Next / Previous / Contents / TCC Help System / NM Tech homepage

2. Overview

The script is written in the Python language. For more information about Python, see Python 2.2 quick reference.

These source files comprise the webstats.py application:

2.1. Data structures

The pageget.py module defines a class PageGet, each instance of which represents one line in the Apache server's access_log file.

What we need to know from the access logs boils down to three data for each page accessed in the time period of interest. We'll encapsulate these three items as instances of class HitCount:

  • .nTotal: The total number of hits on the page.

  • .nFar: The number of hits from off-campus, so that we can compute the percentage of off-campus hits.

  • .url: The page's URL, minus the “http://infohost.nmt.edu” prefix.

The HitCount class will include a .__cmp__() method that sorts instances in hit-parade order: descending order by their .nTotal attribute, with their .url attribute in ascending order as a secondary key.

We'll need a container class to hold the HitCount instances for each URL accessed in the report period. The structure and function of this container is driven by the needs of the script:

  • In order to generate the overall summary block on the root page, we'll need to remember the range of timestamps included in the report, and the total number of on- and off-campus hits.

  • For the access report on the NMT homepage, we'll need a HitCount instance for URL “/”.

  • For the hit parade, we'll need to visit the HitCount instances for every URL accessed in the report period, sorted as defined by the HitCount.__cmp__() method: in descending order by hit count, with URL as a secondary key.

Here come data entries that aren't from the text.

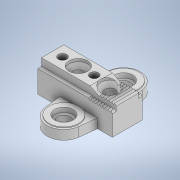
# Autodesk Inventor part: nkosi_zawias
Saved by Autodesk Inventor 2020.3 (Build 243373000, 373)
## iProperties
Created: 2020-08-23
Part Number: nkosi_zawias
Material: Generic
Document SubType Name: Modeling
Designer: nawyk
Density: 1 g/cm^3
Appearance: Default
Author: nawyk
Autodesk Inventor part; units mm, degrees
ref_plane "YZ Plane" through (0, 0, 0) normal (1, 0, 0) x (0, 1, 0)
ref_plane "XZ Plane" through (0, 0, 0) normal (0, 1, 0) x (-1, 0, 0)
ref_plane "XY Plane" through (0, 0, 0) normal (0, 0, 1) x (1, 0, 0)
sketch "Sketch1" plane through (0, 0, 0) normal (0, 1, 0) x (-1, 0, 0)
  line L0 (0, 0) -> (40, 0)
  line L1 (40, 0) -> (40, -16)
  line L2 (40, -16) -> (0, -16)
  line L3 (0, -16) -> (0, 0)
  line L4 (0, 0) -> (19, 0)
  line L5 (0, -8) -> (18, -8)
  line L6 (18, -8) -> (18, -24)
  line L7 (18, -8) -> (18, 8)
  circle A0 centre (18, -24) radius 3.5
  circle A1 centre (18, 8) radius 3.3496
  line L8 (18, -16) -> (28, -16)
  line L9 (28, -16) -> (28, -33)
  line L10 (28, -33) -> (18, -33)
  line L11 (18, -33) -> (18, -16)
  line L12 (18, -33) -> (8, -33)
  line L13 (8, -33) -> (8, -16)
  line L14 (8, -16) -> (18, -16)
  line L15 (18, -16) -> (18, -33)
  line L16 (18, 0) -> (28, 0)
  line L17 (18, 0) -> (8, 0)
  line L18 (8, 0) -> (8, 17)
  line L19 (8, 17) -> (18, 17)
  line L20 (18, 17) -> (18, 0)
  line L21 (18, 0) -> (28, 0)
  line L22 (28, 0) -> (28, 17)
  line L23 (28, 17) -> (18, 17)
  line L24 (18, 17) -> (18, 0)
  dimension "d0" = 40
  dimension "d1" = 16
  dimension "d3" = 18
  dimension "d4" = 16
  dimension "d5" = 16
  dimension "d6" = 7
  dimension "d9" = 10
  dimension "d10" = 17
  dimension "d11" = 10
  dimension "d13" = 10
  dimension "d14" = 17
  dimension "d15" = 10
  constraints: 50 end point, 10 parallel, 7 horizontal, 5 perpendicular, 3 midpoint, 2 centre point, 2 coincident, 2 point on line, 2 vertical
  measures "d0" distance of L1.end L2.end
  measures "d1" distance of L0.end L1.end
  measures "d3" distance of L5.start L5.end
  measures "d4" distance of L5.end L6.end
  measures "d5" distance of L5.end L7.end
  measures "d6" diameter of A0
  measures "d9" distance of L9.end L10.end
  measures "d10" distance of L8.end L9.end
  measures "d11" distance of L13.end L14.end
  measures "d13" distance of L18.end L19.end
  measures "d14" distance of L17.end L18.end
  measures "d15" distance of L23.end L22.end
extrude "Extrusion1" add sketch "Sketch1" along normal blind 5 contours L0 L7 L5 L3 | L18 L19 L20 A1 L7 L0 | L5 L6 L2 L3 | L7 A1 L20 L23 L22 L0 | L0 L1 L2 L6 L7 | L2 L6 A0 L11 L12 L13 | L2 L9 L10 L11 A0 L6
sketch "Sketch2" plane through (0, 5, 0) normal (0, 1, 0) x (1, 0, 0)
  circle A0 centre (-18, 24) radius 3.5 projected
  circle A1 centre (-18, 24) radius 9
  circle A2 centre (-18, -8) radius 3.3496 projected
  circle A3 centre (-18, -8) radius 9
  line L0 (-28, -17) -> (-8, -17) projected
  line L1 (-28, 33) -> (-28, 16) projected
  line L2 (-28, 16) -> (-26.9387, 25.0484)
  line L3 (0, 16) -> (-8, 16) projected
  line L4 (-8, 16) -> (-9.0613, 25.0484)
  line L5 (-8, -17) -> (-8, 0) projected
  line L6 (-8, 0) -> (-9.0613, -9.0484)
  line L7 (-28, 0) -> (-26.9387, -9.0484)
  line L8 (-40, 0) -> (-28, 0) projected
  line L9 (-28, 0) -> (-28, -17)
  line L10 (-28, -17) -> (-8, -17)
  line L11 (-8, -17) -> (-8, 0)
  line L12 (-28, 16) -> (-28, 33)
  line L13 (-8, 33) -> (-28, 33) projected
  line L14 (-28, 33) -> (-8, 33)
  line L15 (-8, 16) -> (-8, 33) projected
  line L16 (-8, 33) -> (-8, 16)
  point P0 (0, 0)
  point P1 (-18, 33)
  point P2 (-18, -17)
  constraints: 20 end point, 4 equal length, 4 point on circle, 3 tangent, 2 centre point, 2 coincident, 2 perpendicular, 1 point on line, 1 vertical
extrude "Extrusion2" cut sketch "Sketch2" against normal up to surface (5 mm away) contours A1 L13 L15 L4 | L2 L1 L13 A1 | A3 L0 L9 L7 | L6 L5 L0 A3
sketch "Sketch3" plane through (0, 5, 0) normal (0, 1, 0) x (1, 0, 0)
  circle A0 centre (-18, -8) radius 3.3496 projected
  circle A1 centre (-18, -8) radius 5
  circle A2 centre (-18, 24) radius 3.5 projected
  circle A3 centre (-18, 24) radius 5
  point P0 (0, 0)
  dimension "d20" = 10
  dimension "d21" = 10
  constraints: 2 centre point, 2 coincident
  measures "d20" diameter of A1
  measures "d21" diameter of A3
extrude "Extrusion3" cut sketch "Sketch3" against normal blind 2
sketch "Sketch4" plane through (0, 5, 0) normal (0, 1, 0) x (1, 0, 0)
  circle A0 centre (-18, 24) radius 5 projected
  circle A1 centre (-18, 24) radius 5
  circle A2 centre (-18, -8) radius 5 projected
  circle A3 centre (-18, -8) radius 5
  line L0 (-40, 0) -> (-28, 0) projected
  line L1 (0, 16) -> (-8, 16) projected
  line L2 (-40, 0) -> (0, 0)
  line L3 (0, 0) -> (0, 16)
  line L4 (0, 16) -> (-40, 16)
  line L5 (-40, 16) -> (-40, 0)
  circle A4 centre (-18, -8) radius 8
  circle A5 centre (-18, 24) radius 8
  constraints: 8 end point, 4 centre point, 4 coincident, 2 parallel, 2 tangent, 1 horizontal, 1 perpendicular
extrude "Extrusion4" add sketch "Sketch4" along normal blind 0.5 contours A5 | A4
sketch "Sketch5" plane through (0, 0, 0) normal (0, -1, 0) x (1, 0, 0)
  line L0 (-28, -16) -> (-40, -16) projected
  line L1 (0, 0) -> (0, -16) projected
  line L2 (-40, -16) -> (0, -16)
  line L3 (0, -16) -> (0, 0)
  line L4 (0, 0) -> (-40, 0)
  line L5 (-40, 0) -> (-40, -16)
  constraints: 8 end point, 2 parallel, 1 horizontal, 1 perpendicular
extrude "Extrusion5" add sketch "Sketch5" against normal blind 12
sketch "Sketch6" plane through (0, 12, 0) normal (0, 1, 0) x (1, 0, 0)
  line L0 (0, 0) -> (0, 16) projected
  line L1 (-40, 0) -> (0, 0)
  line L2 (0, 0) -> (0, 2)
  line L3 (0, 2) -> (-40, 2)
  line L4 (-40, 2) -> (-40, 0)
  line L5 (-40, 16) -> (0, 16)
  line L6 (0, 16) -> (0, 14)
  line L7 (0, 14) -> (-40, 14)
  line L8 (-40, 14) -> (-40, 16)
  line L9 (-40, 2) -> (0, 2)
  line L10 (0, 2) -> (0, 14)
  line L11 (0, 14) -> (-40, 14)
  line L12 (-40, 14) -> (-40, 2)
  dimension "d28" = 2
  dimension "d29" = 2
  constraints: 24 end point, 6 parallel, 3 horizontal, 3 perpendicular, 2 point on line
  measures "d28" distance of L2.end L1.end
  measures "d29" distance of L5.end L6.end
extrude "Extrusion6" add sketch "Sketch6" along normal blind 4 contours L3 L12 L7 L0
sketch "Sketch7" plane through (0, 12, -14) normal (0, 0, -1) x (-1, 0, 0)
  line L0 (0, -12) -> (0, 0) projected
  line L1 (40, 0) -> (40, 4) projected
  line L2 (0, 0) -> (40, 0)
  line L3 (40, 0) -> (40, 2.5)
  line L4 (40, 2.5) -> (0, 2.5)
  line L5 (0, 2.5) -> (0, 0)
  line L6 (40, 4) -> (14, 4)
  line L7 (14, 4) -> (14, 2.5)
  line L8 (14, 2.5) -> (40, 2.5)
  line L9 (40, 2.5) -> (40, 4)
  line L10 (40, 4) -> (0, 4) projected
  line L11 (0, 2.5) -> (9, 2.5)
  line L12 (9, 2.5) -> (9, 4)
  line L13 (9, 4) -> (0, 4)
  line L14 (0, 4) -> (0, 2.5)
  line L15 (9, 2.5) -> (14, 4)
  line L16 (14, 4) -> (0, 4)
  dimension "d32" = 2.5
  dimension "d33" = 26
  dimension "d34" = 9
  constraints: 28 end point, 6 parallel, 3 horizontal, 3 perpendicular, 3 point on line, 1 collinear
  measures "d32" distance of L3.end L2.end
  measures "d33" distance of L8.end L7.end
  measures "d34" distance of L13.end L12.end
extrude "Extrusion7" cut sketch "Sketch7" against normal up to surface (12 mm away) contours L14 L10 L12 L4 | L15 L12 L10
sketch "Sketch8" plane through (0, 12, -14) normal (0, 0, -1) x (-1, 0, 0)
  line L0 (0, 0) -> (0, 2.5) projected
  line L1 (0, 2.5) -> (9, 2.5)
  line L2 (9, 2.5) -> (9, 1.5)
  line L3 (9, 1.5) -> (0, 1.5)
  line L4 (0, 1.5) -> (0, 2.5)
  line L5 (0, 2.5) -> (0.75, 2.5)
  line L6 (0.75, 2.5) -> (0.75, 1.5)
  line L7 (0.75, 1.5) -> (0, 1.5)
  line L8 (0, 1.5) -> (0, 2.5)
  line L9 (9, 2.5) -> (0, 2.5) projected
  line L10 (0.75, 1.5) -> (1.5, 1.5)
  line L11 (1.5, 1.5) -> (1.5, 2.5)
  line L12 (1.5, 2.5) -> (0.75, 2.5)
  line L13 (0.75, 2.5) -> (0.75, 1.5)
  line L14 (1.5, 1.5) -> (2.25, 1.5)
  line L15 (2.25, 1.5) -> (2.25, 2.5)
  line L16 (2.25, 2.5) -> (1.5, 2.5)
  line L17 (1.5, 2.5) -> (1.5, 1.5)
  line L18 (2.25, 1.5) -> (3, 1.5)
  line L19 (3, 1.5) -> (3, 2.5)
  line L20 (3, 2.5) -> (2.25, 2.5)
  line L21 (2.25, 2.5) -> (2.25, 1.5)
  line L22 (3, 1.5) -> (3.75, 1.5)
  line L23 (3.75, 1.5) -> (3.75, 2.5)
  line L24 (3.75, 2.5) -> (3, 2.5)
  line L25 (3, 2.5) -> (3, 1.5)
  line L26 (3.75, 1.5) -> (4.5, 1.5)
  line L27 (4.5, 1.5) -> (4.5, 2.5)
  line L28 (4.5, 2.5) -> (3.75, 2.5)
  line L29 (3.75, 2.5) -> (3.75, 1.5)
  line L30 (4.5, 1.5) -> (5.25, 1.5)
  line L31 (5.25, 1.5) -> (5.25, 2.5)
  line L32 (5.25, 2.5) -> (4.5, 2.5)
  line L33 (4.5, 2.5) -> (4.5, 1.5)
  line L34 (5.25, 1.5) -> (6, 1.5)
  line L35 (6, 1.5) -> (6, 2.5)
  line L36 (6, 2.5) -> (5.25, 2.5)
  line L37 (5.25, 2.5) -> (5.25, 1.5)
  line L38 (6, 1.5) -> (6.75, 1.5)
  line L39 (6.75, 1.5) -> (6.75, 2.5)
  line L40 (6.75, 2.5) -> (6, 2.5)
  line L41 (6, 2.5) -> (6, 1.5)
  line L42 (6.75, 1.5) -> (7.5, 1.5)
  line L43 (7.5, 1.5) -> (7.5, 2.5)
  line L44 (7.5, 2.5) -> (6.75, 2.5)
  line L45 (6.75, 2.5) -> (6.75, 1.5)
  line L46 (7.5, 1.5) -> (8.25, 1.5)
  line L47 (8.25, 1.5) -> (8.25, 2.5)
  line L48 (8.25, 2.5) -> (7.5, 2.5)
  line L49 (7.5, 2.5) -> (7.5, 1.5)
  line L50 (9, 2.5) -> (14, 4) projected
  line L51 (8.25, 1.5) -> (9, 1.5)
  line L52 (9, 1.5) -> (9, 2.5)
  line L53 (9, 2.5) -> (8.25, 2.5)
  line L54 (8.25, 2.5) -> (8.25, 1.5)
  line L55 (0, 1.5) -> (0.75, 2.5)
  line L56 (9, 1.5) -> (8.25, 2.5)
  line L57 (7.5, 1.5) -> (6.75, 2.5)
  line L58 (6, 1.5) -> (5.25, 2.5)
  line L59 (4.5, 1.5) -> (3.75, 2.5)
  line L60 (3, 1.5) -> (2.25, 2.5)
  line L61 (1.5, 1.5) -> (0.75, 2.5)
  line L62 (1.5, 1.5) -> (2.25, 2.5)
  line L63 (3, 1.5) -> (3.75, 2.5)
  line L64 (4.5, 1.5) -> (5.25, 2.5)
  line L65 (6, 1.5) -> (6.75, 2.5)
  line L66 (7.5, 1.5) -> (8.25, 2.5)
  line L67 (14, 4) -> (40, 4) projected
  line L68 (14, 4) -> (9, 1.5)
  line L69 (14, 4) -> (9, 2.5)
  line L70 (9, 2.5) -> (0, 2.5)
  line L71 (0, 1.5) -> (0, 2.5)
  point P0 (0, -12)
  point P1 (0, 1.5)
  constraints: 136 end point, 34 equal length, 14 horizontal, 14 perpendicular, 11 point on line, 1 midpoint
extrude "Extrusion8" cut sketch "Sketch8" against normal up to surface (12 mm away) contours L0 L1 L55 | L1 L11 L61 | L11 L1 L62 | L1 L19 L60 | L19 L1 L63 | L1 L27 L59 | L27 L1 L64 | L1 L35 L58 | L35 L1 L65 | L1 L43 L57 | L43 L1 L66 | L1 L2 L56 | L2 L50 L68
sketch "Sketch9" plane through (-28, 0, -16) normal (0, 0, -1) x (-1, 0, 0)
  line L0 (-28, 12) -> (-28, 13.5) projected
  line L1 (-28, 12) -> (-16, 12)
  line L2 (-16, 12) -> (-16, 11)
  line L3 (-16, 11) -> (-28, 11)
  line L4 (-28, 11) -> (-28, 12)
  line L5 (-28, 12) -> (12, 12) projected
  line L6 (-16, 11) -> (-16.75, 11)
  line L7 (-16.75, 11) -> (-16.75, 12)
  line L8 (-16.75, 12) -> (-16, 12)
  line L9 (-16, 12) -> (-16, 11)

  • To generate the tables of personal and official pages by their first character, we'll need to interrogate the first character values that occur in both those categories.

  • To generate the pages showing all the personal and official directories for a given first character, we'll need to interrogate the list of all personal and official URLs that start with a given character.

  • To generate the access report pages for a single person or official directory, we'll need to interrogate the list of all URLs that start with given first component (either “/~login” or “/directory”).

  • Finally, to produce the detail lines on the individual access report pages, we'll need to be able to retrieve the HitCount instance for any specified URL.

We'll encapsulate all these data and methods as a single instance of class AccessSummary. This instance will accept a stream of PageGet instances, filter out the ones that don't matter (such as image files and CSS stylesheets), and store the access data as a set of HitCount instances in such a way that they can be retrieved by all the access methods described above.

An earlier version of this program used external files and an ancient sort-merge algorithm that dates from the 1960s. However, starting with this version, we can probably fit into memory everything we need. Preliminary testing in January 2009 showed that the number of distinct URLs to be managed is on the order of 100,000. Even with an average URL length of 50 characters or so, that's a minimal memory footprint on the order of 5MB, hardly a strain on today's multi-gigabyte processor memories.

Python's __slots__ feature, part of the features of new-style classes, allows us to reduce the memory requirements for each of the HitCount instances. The named slots will be .nTotal, .nFar, and .url.